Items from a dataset
————

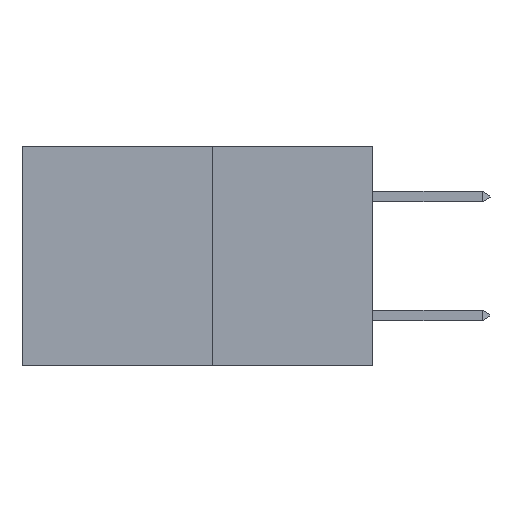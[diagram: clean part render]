
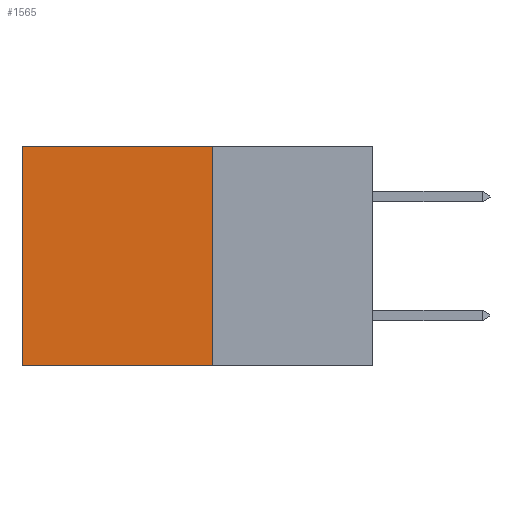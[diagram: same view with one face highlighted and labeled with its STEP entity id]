
A CAD part, left-side view. The second image highlights one B-rep face of the part: STEP entity #1565.
In plain terms, the highlighted planar face has unit normal (-1, 0, 0).
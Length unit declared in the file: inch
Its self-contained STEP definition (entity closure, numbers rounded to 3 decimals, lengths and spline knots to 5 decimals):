
#307 = CARTESIAN_POINT ( 'NONE',  ( 0.277, 0.27, -0.37 ) ) ;
#628 = AXIS2_PLACEMENT_3D ( 'NONE', #8378, #8013, #7443 ) ;
#1529 = VECTOR ( 'NONE', #4881, 39.37008 ) ;
#1565 = ADVANCED_FACE ( 'NONE', ( #1599 ), #9297, .F. ) ;
#1599 = FACE_OUTER_BOUND ( 'NONE', #5217, .T. ) ;
#1747 = VECTOR ( 'NONE', #5612, 39.37008 ) ;
#1821 = ORIENTED_EDGE ( 'NONE', *, *, #8274, .F. ) ;
#1996 = LINE ( 'NONE', #5587, #1529 ) ;
#2540 = ORIENTED_EDGE ( 'NONE', *, *, #3973, .T. ) ;
#2631 = VERTEX_POINT ( 'NONE', #9036 ) ;
#3189 = DIRECTION ( 'NONE',  ( 0., 0., -1. ) ) ;
#3274 = LINE ( 'NONE', #307, #1747 ) ;
#3961 = VERTEX_POINT ( 'NONE', #5066 ) ;
#3973 = EDGE_CURVE ( 'NONE', #3961, #2631, #5027, .T. ) ;
#4012 = ORIENTED_EDGE ( 'NONE', *, *, #7625, .T. ) ;
#4881 = DIRECTION ( 'NONE',  ( 0., 0., -1. ) ) ;
#4889 = DIRECTION ( 'NONE',  ( 0., 1., 0. ) ) ;
#5027 = LINE ( 'NONE', #5168, #8358 ) ;
#5066 = CARTESIAN_POINT ( 'NONE',  ( 0.277, 0.27, 0. ) ) ;
#5168 = CARTESIAN_POINT ( 'NONE',  ( 0.277, 0.27, 0. ) ) ;
#5217 = EDGE_LOOP ( 'NONE', ( #4012, #7842, #1821, #2540 ) ) ;
#5412 = LINE ( 'NONE', #6752, #8939 ) ;
#5587 = CARTESIAN_POINT ( 'NONE',  ( 0.277, 0.59, -0.37 ) ) ;
#5612 = DIRECTION ( 'NONE',  ( 0., 1., 0. ) ) ;
#6630 = VERTEX_POINT ( 'NONE', #8316 ) ;
#6752 = CARTESIAN_POINT ( 'NONE',  ( 0.277, 0.27, -0.37 ) ) ;
#7427 = VERTEX_POINT ( 'NONE', #8310 ) ;
#7443 = DIRECTION ( 'NONE',  ( 0., 0., -1. ) ) ;
#7625 = EDGE_CURVE ( 'NONE', #2631, #6630, #1996, .T. ) ;
#7681 = EDGE_CURVE ( 'NONE', #7427, #6630, #3274, .T. ) ;
#7842 = ORIENTED_EDGE ( 'NONE', *, *, #7681, .F. ) ;
#8013 = DIRECTION ( 'NONE',  ( 1., 0., 0. ) ) ;
#8274 = EDGE_CURVE ( 'NONE', #3961, #7427, #5412, .T. ) ;
#8310 = CARTESIAN_POINT ( 'NONE',  ( 0.277, 0.27, -0.37 ) ) ;
#8316 = CARTESIAN_POINT ( 'NONE',  ( 0.277, 0.59, -0.37 ) ) ;
#8358 = VECTOR ( 'NONE', #4889, 39.37008 ) ;
#8378 = CARTESIAN_POINT ( 'NONE',  ( 0.277, 0.27, -0.37 ) ) ;
#8939 = VECTOR ( 'NONE', #3189, 39.37008 ) ;
#9036 = CARTESIAN_POINT ( 'NONE',  ( 0.277, 0.59, 0. ) ) ;
#9297 = PLANE ( 'NONE',  #628 ) ;

————

From the records above, copy only the lines starting with the line that holds "#2631 = VERTEX_POINT ( 'NONE', #9036 ) ;" and going on through the line that holds "#5587 = CARTESIAN_POINT", exactly as written.

Task output:
#2631 = VERTEX_POINT ( 'NONE', #9036 ) ;
#3189 = DIRECTION ( 'NONE',  ( 0., 0., -1. ) ) ;
#3274 = LINE ( 'NONE', #307, #1747 ) ;
#3961 = VERTEX_POINT ( 'NONE', #5066 ) ;
#3973 = EDGE_CURVE ( 'NONE', #3961, #2631, #5027, .T. ) ;
#4012 = ORIENTED_EDGE ( 'NONE', *, *, #7625, .T. ) ;
#4881 = DIRECTION ( 'NONE',  ( 0., 0., -1. ) ) ;
#4889 = DIRECTION ( 'NONE',  ( 0., 1., 0. ) ) ;
#5027 = LINE ( 'NONE', #5168, #8358 ) ;
#5066 = CARTESIAN_POINT ( 'NONE',  ( 0.277, 0.27, 0. ) ) ;
#5168 = CARTESIAN_POINT ( 'NONE',  ( 0.277, 0.27, 0. ) ) ;
#5217 = EDGE_LOOP ( 'NONE', ( #4012, #7842, #1821, #2540 ) ) ;
#5412 = LINE ( 'NONE', #6752, #8939 ) ;
#5587 = CARTESIAN_POINT ( 'NONE',  ( 0.277, 0.59, -0.37 ) ) ;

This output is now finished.